Introducing Synchrony by ACP
Unveiled at the 2014 ASHA Convention, Synchrony combines visual biofeedback and electrical stimulation in a single system. The goal? A user-friendly, motivating therapy experience for both clinician and patient.
What’s Included?
Synchrony includes:
- OmnisEMG – the sEMG biofeedback component
- Omnistim FX2 PENS – Patterned Electrical Neuromuscular Stimulation
- Multiple visual training modes:
- Bar Graph
- Line Graph
- Kangaroo (yep, a hopping kangaroo for motivation!)
- Work-Rest Cycle Mode
You can toggle between assessment and exercise modes, depending on whether you’re collecting baseline data or progressing through a therapy plan.
Bonus: The screen is large and easy to see—even for patients with visual impairments. 👓
Training and Support
ACP offers extensive training and CEU-approved education:
- A 5-hour on-site training for OmnisEMG
- A 7-hour seminar-style training (great for teams!)
- A 2.5-hour on-site course focused on Omnistim FX2
- Initial system installation and orientation
- Ongoing support for clinical integration
And yes—ACP is an ASHA Approved Continuing Education Provider.
So if your facility already partners with ACP for therapy equipment, this may be a very natural fit.
Bottom Line
sEMG doesn’t replace our clinical judgment—but it can support more focused, engaging, and measurable therapy sessions. It gives patients a goal. It gives clinicians data. And it brings another layer of evidence to the table.
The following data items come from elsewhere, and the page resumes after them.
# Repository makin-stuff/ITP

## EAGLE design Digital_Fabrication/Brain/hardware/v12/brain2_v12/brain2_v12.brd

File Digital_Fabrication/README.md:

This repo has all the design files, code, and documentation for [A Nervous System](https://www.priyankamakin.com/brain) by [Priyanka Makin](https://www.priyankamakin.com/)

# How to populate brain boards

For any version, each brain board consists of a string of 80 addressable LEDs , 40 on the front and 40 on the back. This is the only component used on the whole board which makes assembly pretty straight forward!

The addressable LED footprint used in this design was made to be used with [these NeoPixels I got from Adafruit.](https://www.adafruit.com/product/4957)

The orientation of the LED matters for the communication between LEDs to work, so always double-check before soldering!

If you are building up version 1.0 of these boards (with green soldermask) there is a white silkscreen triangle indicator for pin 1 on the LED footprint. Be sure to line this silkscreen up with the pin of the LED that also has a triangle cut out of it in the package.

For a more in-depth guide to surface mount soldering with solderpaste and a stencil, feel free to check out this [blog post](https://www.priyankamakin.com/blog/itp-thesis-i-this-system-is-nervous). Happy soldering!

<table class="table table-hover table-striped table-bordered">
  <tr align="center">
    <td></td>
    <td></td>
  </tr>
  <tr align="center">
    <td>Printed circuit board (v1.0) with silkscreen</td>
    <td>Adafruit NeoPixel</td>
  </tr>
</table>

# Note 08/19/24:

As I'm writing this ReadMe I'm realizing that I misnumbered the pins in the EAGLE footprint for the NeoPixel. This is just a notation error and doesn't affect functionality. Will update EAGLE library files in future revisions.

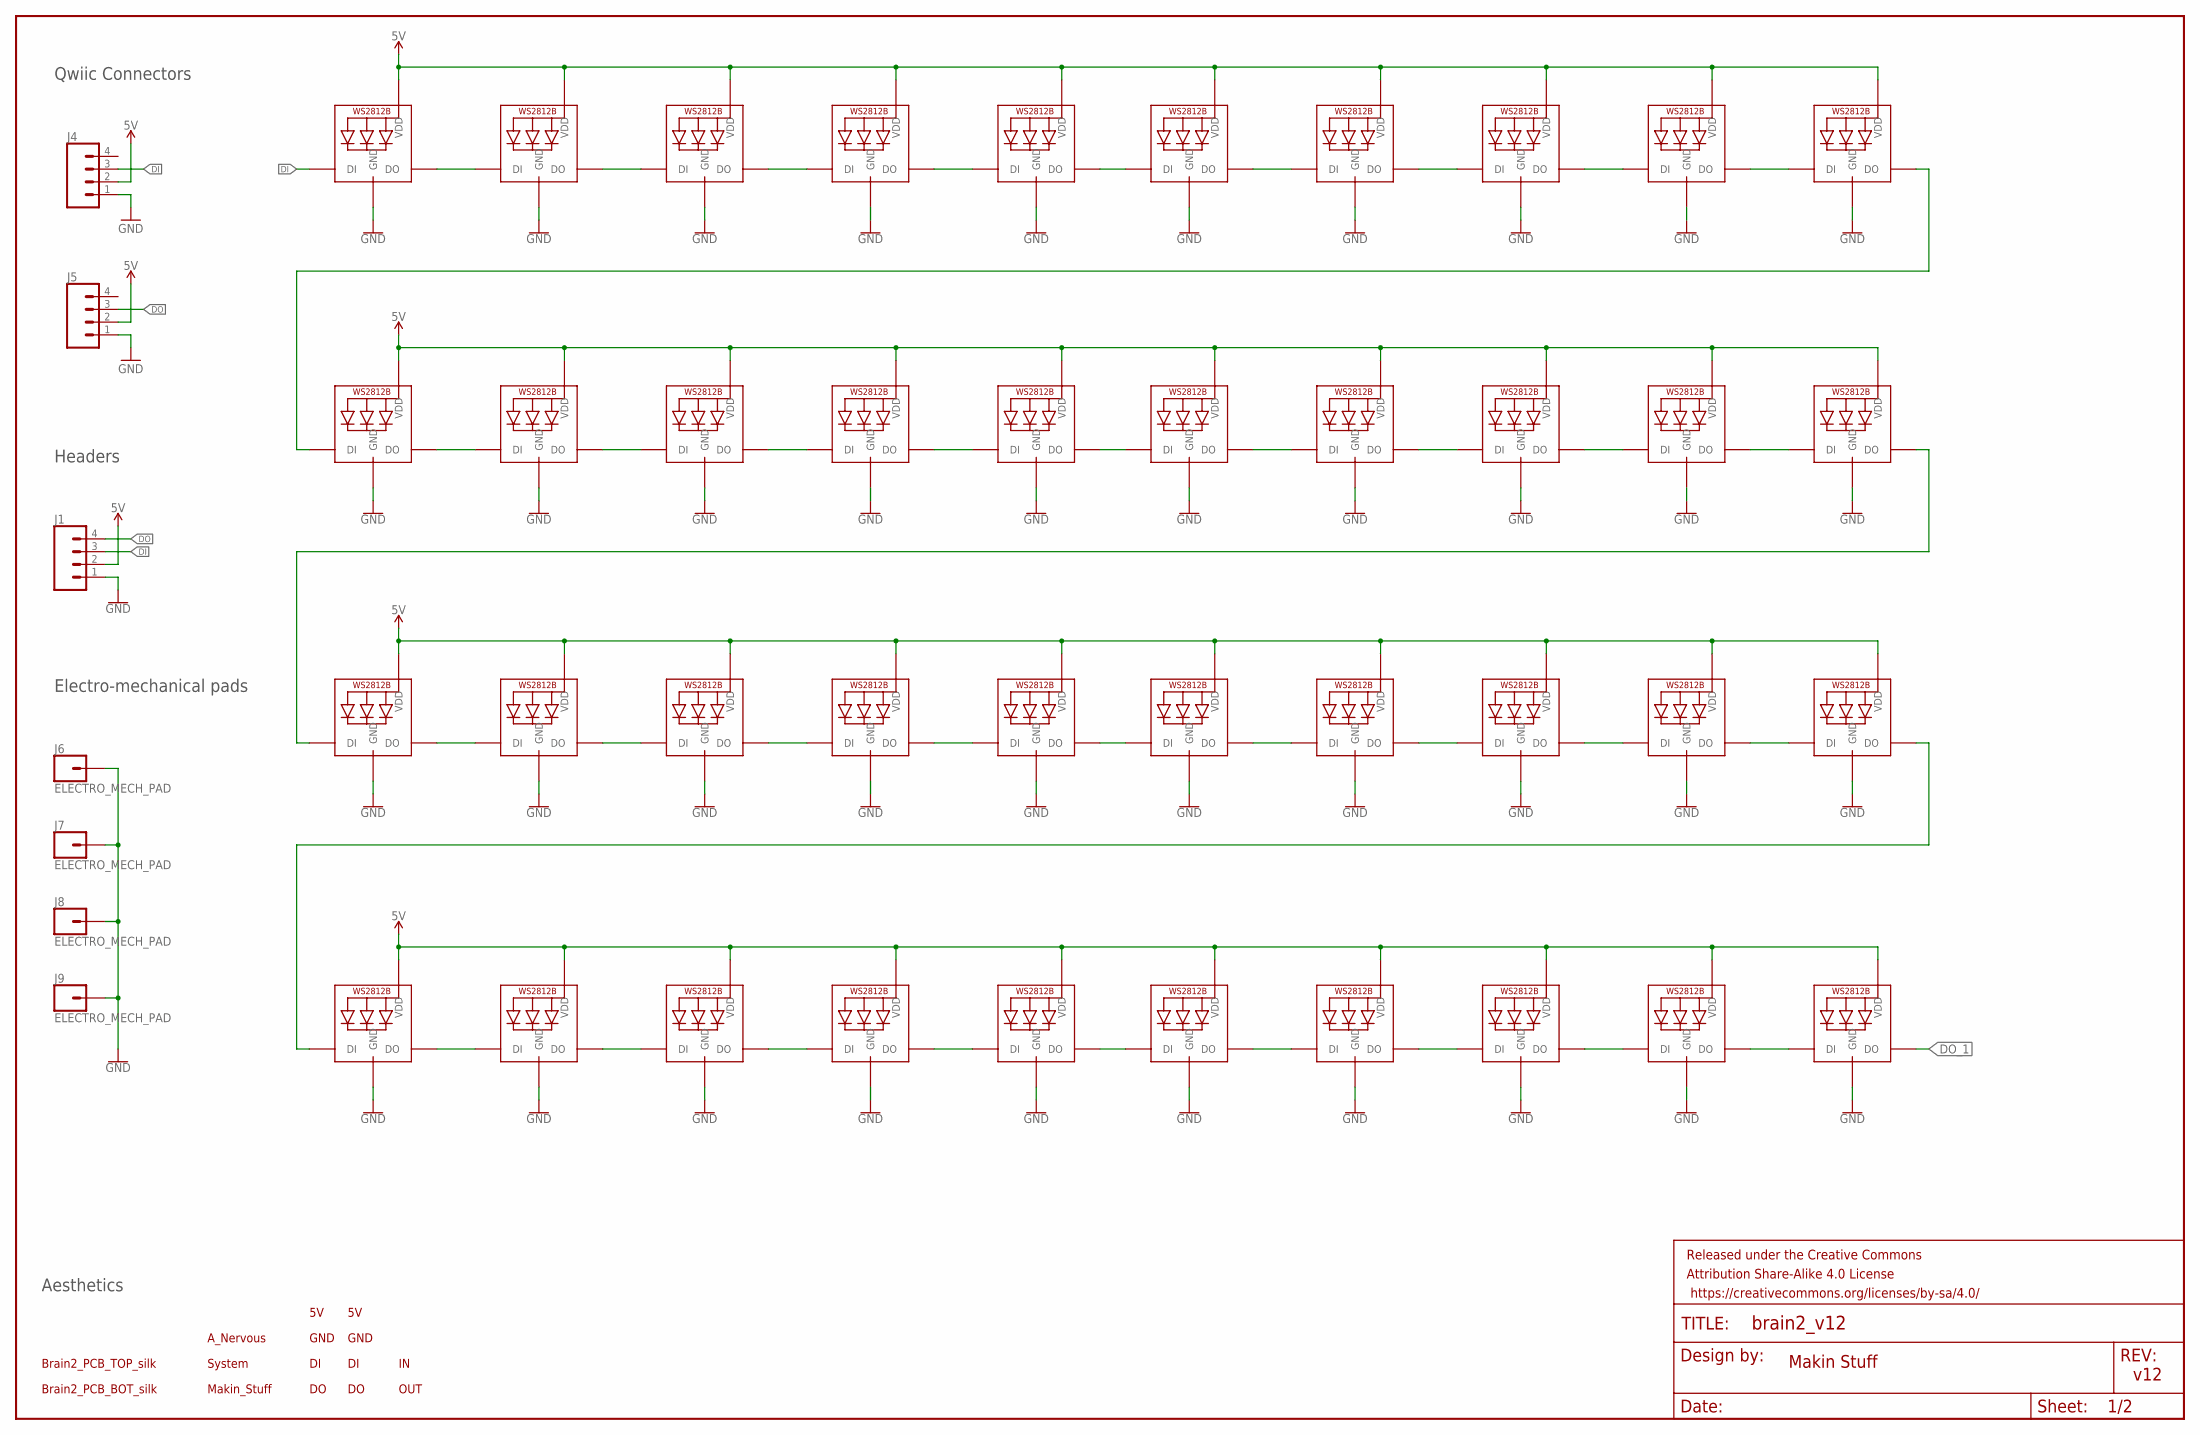
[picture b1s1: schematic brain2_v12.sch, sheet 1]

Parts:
FRAME2: FRAME-LEDGER; CREATIVE_COMMONS
J1: CONN_041X04_NO_SILK_NO_POP; 1X04_NO_SILK
J4, J5: CONN_04SMD3; JST04_1MM_RA
J6, J7, J8, J9: ELECTRO_MECH_PAD; 5X3_SOLDER_PAD
LED1, LED2, LED3, LED4, LED5, LED6, LED7, LED8, LED9, LED10, LED11, LED12, LED13, LED14, LED15, LED16, LED17, LED18, LED19, LED20, LED21, LED22, LED23, LED24, LED25, LED26, LED27, LED28, LED29, LED30, LED31, LED32, LED33, LED34, LED35, LED36, LED37, LED38, LED39, LED40: 3.5X3.5_RGB_LED3.5X3.5; 3.5X3.5_RGB_LED
U$1: A_NERVOUS0
U$2: SYSTEM1
U$3: MAKIN_STUFF2
U$4, U$5: 5V1
U$6, U$7: GND0
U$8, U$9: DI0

If you’re looking to level up your dysphagia therapy, particularly with patients who struggle to perceive effort or benefit from visual feedback, sEMG is worth exploring.
Are you ready for a deeper dive with even more resources available? Join the Dysphagia Skills Accelerator today. You will get so many great tools with new tools being added all the time! Click here to join now!
Have you ever wanted a way to create a more standardized protocol for your Clinical Swallow Evaluation? Do you often forget or leave out parts of the CSE, you know, the parts that are important for your Plan of Care? You probably need the Clinical Dysphagia Assessment Toolkit if you answered yes. You can get your copy here.
📚 Want to Read More?
Check out these key references supporting sEMG in dysphagia therapy:
Steele, C. (2004). Treating dysphagia with sEMG biofeedback. The ASHA Leader, 9(13), 2-23.
Crary, M. A., Carnaby, G. D., & Groher, M. E. (2007). Identification of swallowing events from sEMG signals obtained from healthy adults. Dysphagia, 22(2), 94-99.
Crary, M. A., & Baldwin, B. O. (1997). Surface electromyographic characteristics of swallowing in dysphagia secondary to brainstem stroke. Dysphagia, 12(4), 180-187.
Watts, C. R. (2013). Measurement of hyolaryngeal muscle activation using surface electromyography for comparison of two rehabilitative dysphagia exercises. Archives of physical medicine and rehabilitation, 94(12), 2542-2548.
Crary, M. A., & Groher, M. E. (2000). Basic concepts of surface electromyographic biofeedback in the treatment of dysphagia: a tutorial. American Journal of Speech-Language Pathology, 9(2), 116-125.
Yoon, T. L. (2018). Surface Electromyography Evaluation Method for Dysphagia: A Literature Review. Swallowing Rehabilitation, 1(2), 35-40.